What would be ideal for a facial bar?  Mum uses my goats milk 7% superfat, but I'm not too keen.

I'm not too worried about a long shelf life, they are only 50grams, and I intend them to be used as soon as ready


----------



## nattynoo (Apr 11, 2011)

Can you pop them in the freezer to get them out of the moulds and gently sit them there to dry.

The most I've done is 12% and it was soft soft too.
It also had alot of ingredients in it. i froze it to get it out of thr mould.
Its the loveliest facial bar I've made to date. 
Is it too much SF??? Not sure yet. See how it travels.
I like experiments though.


----------



## Elly (Apr 11, 2011)

I soap at 10%SF and add a milk to the batch, the soap comes out normal not soft, I unmold within 24 hours but because I don't gel my soaps they take a few days to get hard.  I've found 10%SF works really well for me, I used to soap at 5%-8% but found the soaps a bit drying.


----------



## LisaNY (Apr 11, 2011)

Elly said:
			
		

> I soap at 10%SF and add a milk to the batch, the soap comes out normal not soft, I unmold within 24 hours but because I don't gel my soaps they take a few days to get hard.  I've found 10%SF works really well for me, I used to soap at 5%-8% but found the soaps a bit drying.



Same here.  I sf at 10% and my soaps are nice and hard. )


----------



## Soaplady22 (Apr 11, 2011)

My experience says that 10% is about as high as you want to go for regular CP.


----------



## carebear (Apr 11, 2011)

busymakinsoap! said:
			
		

> I'm branching out and trying to make some facial bars.
> 
> My recipe has shea butter, co, caster, oilve, cocoa butter, oo, palm oil, avocado oil and bees wax with goats milk.
> 
> ...


Why are you blushing at the 20%?  I often soap at 20%, depending on the formula I'm soaping.

If they didn't gel, it could take a week to get them out of the mold.

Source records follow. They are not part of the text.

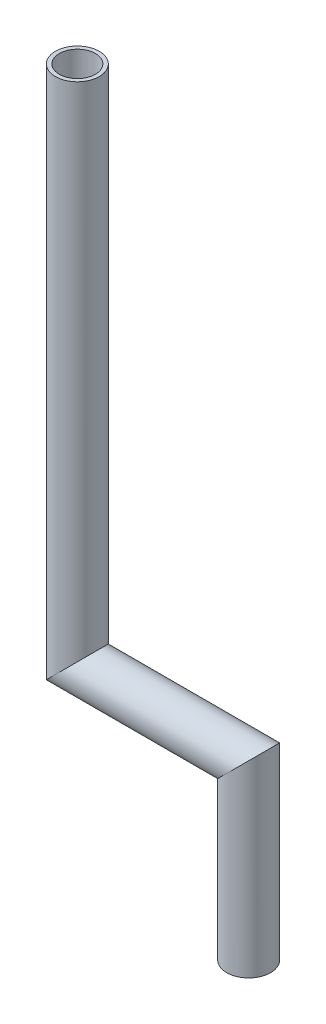
ISO-10303-21;
HEADER;
FILE_DESCRIPTION(('STEP AP214'),'2;1');
FILE_NAME('part.step','',(''),(''),'','','');
FILE_SCHEMA(('AUTOMOTIVE_DESIGN { 1 0 10303 214 1 1 1 1 }'));
ENDSEC;
DATA;
#1=APPLICATION_CONTEXT('core data for automotive mechanical design processes');
#2=APPLICATION_PROTOCOL_DEFINITION('international standard','automotive_design',2000,#1);
#3=PRODUCT_CONTEXT('',#1,'mechanical');
#4=PRODUCT('Part','Part','',(#3));
#5=PRODUCT_RELATED_PRODUCT_CATEGORY('part','',(#4));
#6=PRODUCT_DEFINITION_FORMATION('','',#4);
#7=PRODUCT_DEFINITION_CONTEXT('part definition',#1,'design');
#8=PRODUCT_DEFINITION('design','',#6,#7);
#9=PRODUCT_DEFINITION_SHAPE('','',#8);
#10=(LENGTH_UNIT() NAMED_UNIT(*) SI_UNIT(.MILLI.,.METRE.));
#11=(NAMED_UNIT(*) PLANE_ANGLE_UNIT() SI_UNIT($,.RADIAN.));
#12=(NAMED_UNIT(*) SI_UNIT($,.STERADIAN.) SOLID_ANGLE_UNIT());
#13=UNCERTAINTY_MEASURE_WITH_UNIT(LENGTH_MEASURE(1.E-05),#10,'distance_accuracy_value','');
#14=(GEOMETRIC_REPRESENTATION_CONTEXT(3) GLOBAL_UNCERTAINTY_ASSIGNED_CONTEXT((#13)) GLOBAL_UNIT_ASSIGNED_CONTEXT((#10,
#11,#12)) REPRESENTATION_CONTEXT('',''));
#15=CARTESIAN_POINT('',(0.,0.,0.));
#16=DIRECTION('',(0.,0.,1.));
#17=DIRECTION('',(1.,0.,0.));
#18=AXIS2_PLACEMENT_3D('',#15,#16,#17);
#19=CARTESIAN_POINT('',(99.2439782695199,0.,0.));
#20=DIRECTION('',(0.,-1.,0.));
#21=DIRECTION('',(0.,0.,-1.));
#22=AXIS2_PLACEMENT_3D('',#19,#20,#21);
#23=CYLINDRICAL_SURFACE('',#22,10.4582557584075);
#24=CARTESIAN_POINT('',(99.2439782695199,0.,0.));
#25=DIRECTION('',(0.707106781186548,-0.707106781186548,0.));
#26=DIRECTION('',(0.707106781186548,0.707106781186548,0.));
#27=AXIS2_PLACEMENT_3D('',#24,#25,#26);
#28=ELLIPSE('',#27,14.7902071323064,10.4582557584075);
#29=CARTESIAN_POINT('',(109.702234027927,10.4582557584075,0.));
#30=VERTEX_POINT('',#29);
#31=EDGE_CURVE('E49',#30,#30,#28,.T.);
#32=ORIENTED_EDGE('',*,*,#31,.F.);
#33=EDGE_LOOP('',(#32));
#34=FACE_BOUND('',#33,.T.);
#35=CARTESIAN_POINT('',(99.2439782695199,-100.,0.));
#36=DIRECTION('',(0.,-1.,0.));
#37=DIRECTION('',(0.,0.,-1.));
#38=AXIS2_PLACEMENT_3D('',#35,#36,#37);
#39=CIRCLE('',#38,10.4582557584075);
#40=CARTESIAN_POINT('',(99.2439782695199,-100.,-10.4582557584075));
#41=VERTEX_POINT('',#40);
#42=EDGE_CURVE('E11',#41,#41,#39,.F.);
#43=ORIENTED_EDGE('',*,*,#42,.F.);
#44=EDGE_LOOP('',(#43));
#45=FACE_BOUND('',#44,.T.);
#46=ADVANCED_FACE('F33',(#34,#45),#23,.F.);
#47=CARTESIAN_POINT('',(99.2439782695199,0.,0.));
#48=DIRECTION('',(0.,-1.,0.));
#49=DIRECTION('',(0.,0.,-1.));
#50=AXIS2_PLACEMENT_3D('',#47,#48,#49);
#51=CYLINDRICAL_SURFACE('',#50,12.7);
#52=CARTESIAN_POINT('',(99.2439782695199,0.,0.));
#53=DIRECTION('',(0.707106781186548,-0.707106781186548,0.));
#54=DIRECTION('',(0.707106781186548,0.707106781186548,0.));
#55=AXIS2_PLACEMENT_3D('',#52,#53,#54);
#56=ELLIPSE('',#55,17.9605122421383,12.7);
#57=CARTESIAN_POINT('',(111.94397826952,12.7,0.));
#58=VERTEX_POINT('',#57);
#59=EDGE_CURVE('E45',#58,#58,#56,.T.);
#60=ORIENTED_EDGE('',*,*,#59,.T.);
#61=EDGE_LOOP('',(#60));
#62=FACE_BOUND('',#61,.T.);
#63=CARTESIAN_POINT('',(99.2439782695199,-100.,0.));
#64=DIRECTION('',(0.,-1.,0.));
#65=DIRECTION('',(0.,0.,-1.));
#66=AXIS2_PLACEMENT_3D('',#63,#64,#65);
#67=CIRCLE('',#66,12.7);
#68=CARTESIAN_POINT('',(99.2439782695199,-100.,-12.7));
#69=VERTEX_POINT('',#68);
#70=EDGE_CURVE('E37',#69,#69,#67,.F.);
#71=ORIENTED_EDGE('',*,*,#70,.T.);
#72=EDGE_LOOP('',(#71));
#73=FACE_BOUND('',#72,.T.);
#74=ADVANCED_FACE('F35',(#62,#73),#51,.T.);
#75=CARTESIAN_POINT('',(0.,0.,0.));
#76=DIRECTION('',(1.,0.,0.));
#77=DIRECTION('',(0.,0.,-1.));
#78=AXIS2_PLACEMENT_3D('',#75,#76,#77);
#79=CYLINDRICAL_SURFACE('',#78,12.7);
#80=CARTESIAN_POINT('',(0.,0.,0.));
#81=DIRECTION('',(0.707106781186548,-0.707106781186548,0.));
#82=DIRECTION('',(0.707106781186548,0.707106781186548,0.));
#83=AXIS2_PLACEMENT_3D('',#80,#81,#82);
#84=ELLIPSE('',#83,17.9605122421383,12.7);
#85=CARTESIAN_POINT('',(12.7,12.7,0.));
#86=VERTEX_POINT('',#85);
#87=EDGE_CURVE('E53',#86,#86,#84,.F.);
#88=ORIENTED_EDGE('',*,*,#87,.F.);
#89=EDGE_LOOP('',(#88));
#90=FACE_BOUND('',#89,.T.);
#91=ORIENTED_EDGE('',*,*,#59,.F.);
#92=EDGE_LOOP('',(#91));
#93=FACE_BOUND('',#92,.T.);
#94=ADVANCED_FACE('F71',(#90,#93),#79,.T.);
#95=CARTESIAN_POINT('',(0.,0.,0.));
#96=DIRECTION('',(1.,0.,0.));
#97=DIRECTION('',(0.,0.,-1.));
#98=AXIS2_PLACEMENT_3D('',#95,#96,#97);
#99=CYLINDRICAL_SURFACE('',#98,10.4582557584075);
#100=CARTESIAN_POINT('',(0.,0.,0.));
#101=DIRECTION('',(0.707106781186548,-0.707106781186548,0.));
#102=DIRECTION('',(0.707106781186548,0.707106781186548,0.));
#103=AXIS2_PLACEMENT_3D('',#100,#101,#102);
#104=ELLIPSE('',#103,14.7902071323064,10.4582557584075);
#105=CARTESIAN_POINT('',(10.4582557584075,10.4582557584075,0.));
#106=VERTEX_POINT('',#105);
#107=EDGE_CURVE('E50',#106,#106,#104,.F.);
#108=ORIENTED_EDGE('',*,*,#107,.T.);
#109=EDGE_LOOP('',(#108));
#110=FACE_BOUND('',#109,.T.);
#111=ORIENTED_EDGE('',*,*,#31,.T.);
#112=EDGE_LOOP('',(#111));
#113=FACE_BOUND('',#112,.T.);
#114=ADVANCED_FACE('F64',(#110,#113),#99,.F.);
#115=CARTESIAN_POINT('',(0.,-35.9210244842766,0.));
#116=DIRECTION('',(0.,1.,0.));
#117=DIRECTION('',(0.,0.,1.));
#118=AXIS2_PLACEMENT_3D('',#115,#116,#117);
#119=CYLINDRICAL_SURFACE('',#118,10.4582557584075);
#120=CARTESIAN_POINT('',(0.,300.,0.));
#121=DIRECTION('',(0.,1.,0.));
#122=DIRECTION('',(0.,0.,1.));
#123=AXIS2_PLACEMENT_3D('',#120,#121,#122);
#124=CIRCLE('',#123,10.4582557584075);
#125=CARTESIAN_POINT('',(0.,300.,10.4582557584075));
#126=VERTEX_POINT('',#125);
#127=EDGE_CURVE('E54',#126,#126,#124,.T.);
#128=ORIENTED_EDGE('',*,*,#127,.T.);
#129=EDGE_LOOP('',(#128));
#130=FACE_BOUND('',#129,.T.);
#131=ORIENTED_EDGE('',*,*,#107,.F.);
#132=EDGE_LOOP('',(#131));
#133=FACE_BOUND('',#132,.T.);
#134=ADVANCED_FACE('F76',(#130,#133),#119,.F.);
#135=CARTESIAN_POINT('',(0.,300.,0.));
#136=DIRECTION('',(0.,1.,0.));
#137=DIRECTION('',(0.,0.,1.));
#138=AXIS2_PLACEMENT_3D('',#135,#136,#137);
#139=PLANE('',#138);
#140=ORIENTED_EDGE('',*,*,#127,.F.);
#141=EDGE_LOOP('',(#140));
#142=FACE_BOUND('',#141,.T.);
#143=CARTESIAN_POINT('',(0.,300.,0.));
#144=DIRECTION('',(0.,1.,0.));
#145=DIRECTION('',(0.,0.,1.));
#146=AXIS2_PLACEMENT_3D('',#143,#144,#145);
#147=CIRCLE('',#146,12.7);
#148=CARTESIAN_POINT('',(0.,300.,12.7));
#149=VERTEX_POINT('',#148);
#150=EDGE_CURVE('E57',#149,#149,#147,.T.);
#151=ORIENTED_EDGE('',*,*,#150,.T.);
#152=EDGE_LOOP('',(#151));
#153=FACE_BOUND('',#152,.T.);
#154=ADVANCED_FACE('F83',(#142,#153),#139,.T.);
#155=CARTESIAN_POINT('',(0.,-35.9210244842766,0.));
#156=DIRECTION('',(0.,1.,0.));
#157=DIRECTION('',(0.,0.,1.));
#158=AXIS2_PLACEMENT_3D('',#155,#156,#157);
#159=CYLINDRICAL_SURFACE('',#158,12.7);
#160=ORIENTED_EDGE('',*,*,#150,.F.);
#161=EDGE_LOOP('',(#160));
#162=FACE_BOUND('',#161,.T.);
#163=ORIENTED_EDGE('',*,*,#87,.T.);
#164=EDGE_LOOP('',(#163));
#165=FACE_BOUND('',#164,.T.);
#166=ADVANCED_FACE('F85',(#162,#165),#159,.T.);
#167=CARTESIAN_POINT('',(99.2439782695199,-100.,0.));
#168=DIRECTION('',(0.,-1.,0.));
#169=DIRECTION('',(0.,0.,-1.));
#170=AXIS2_PLACEMENT_3D('',#167,#168,#169);
#171=PLANE('',#170);
#172=ORIENTED_EDGE('',*,*,#70,.F.);
#173=EDGE_LOOP('',(#172));
#174=FACE_BOUND('',#173,.T.);
#175=ORIENTED_EDGE('',*,*,#42,.T.);
#176=EDGE_LOOP('',(#175));
#177=FACE_BOUND('',#176,.T.);
#178=ADVANCED_FACE('F88',(#174,#177),#171,.T.);
#179=CLOSED_SHELL('',(#46,#74,#94,#114,#134,#154,#166,#178));
#180=MANIFOLD_SOLID_BREP('B2',#179);
#181=ADVANCED_BREP_SHAPE_REPRESENTATION('',(#18,#180),#14);
#182=SHAPE_DEFINITION_REPRESENTATION(#9,#181);
ENDSEC;
END-ISO-10303-21;

But with a 50 gram batch, your soap may not be what you think - small errors in measuring are seriously magnified in small batches.  I never soap less than 2 pounds (908 grams) of oils, though I know some do half that.


----------



## busymakinsoap! (Apr 11, 2011)

Thanks everyone,

Thanks carebear, I wasnt sure if you could go too high and prevent it from setting.  Most of my bars are pretty basic - this is my 'luxury' bar with all the goodies, so dont want to waste any oils.
the bars are 50g but I did a batch of about 500g oils, so Im fairly confident it will be ok

I put them in the freezer and they came out of the molds no problem, checked them this morning and they are hardening up


----------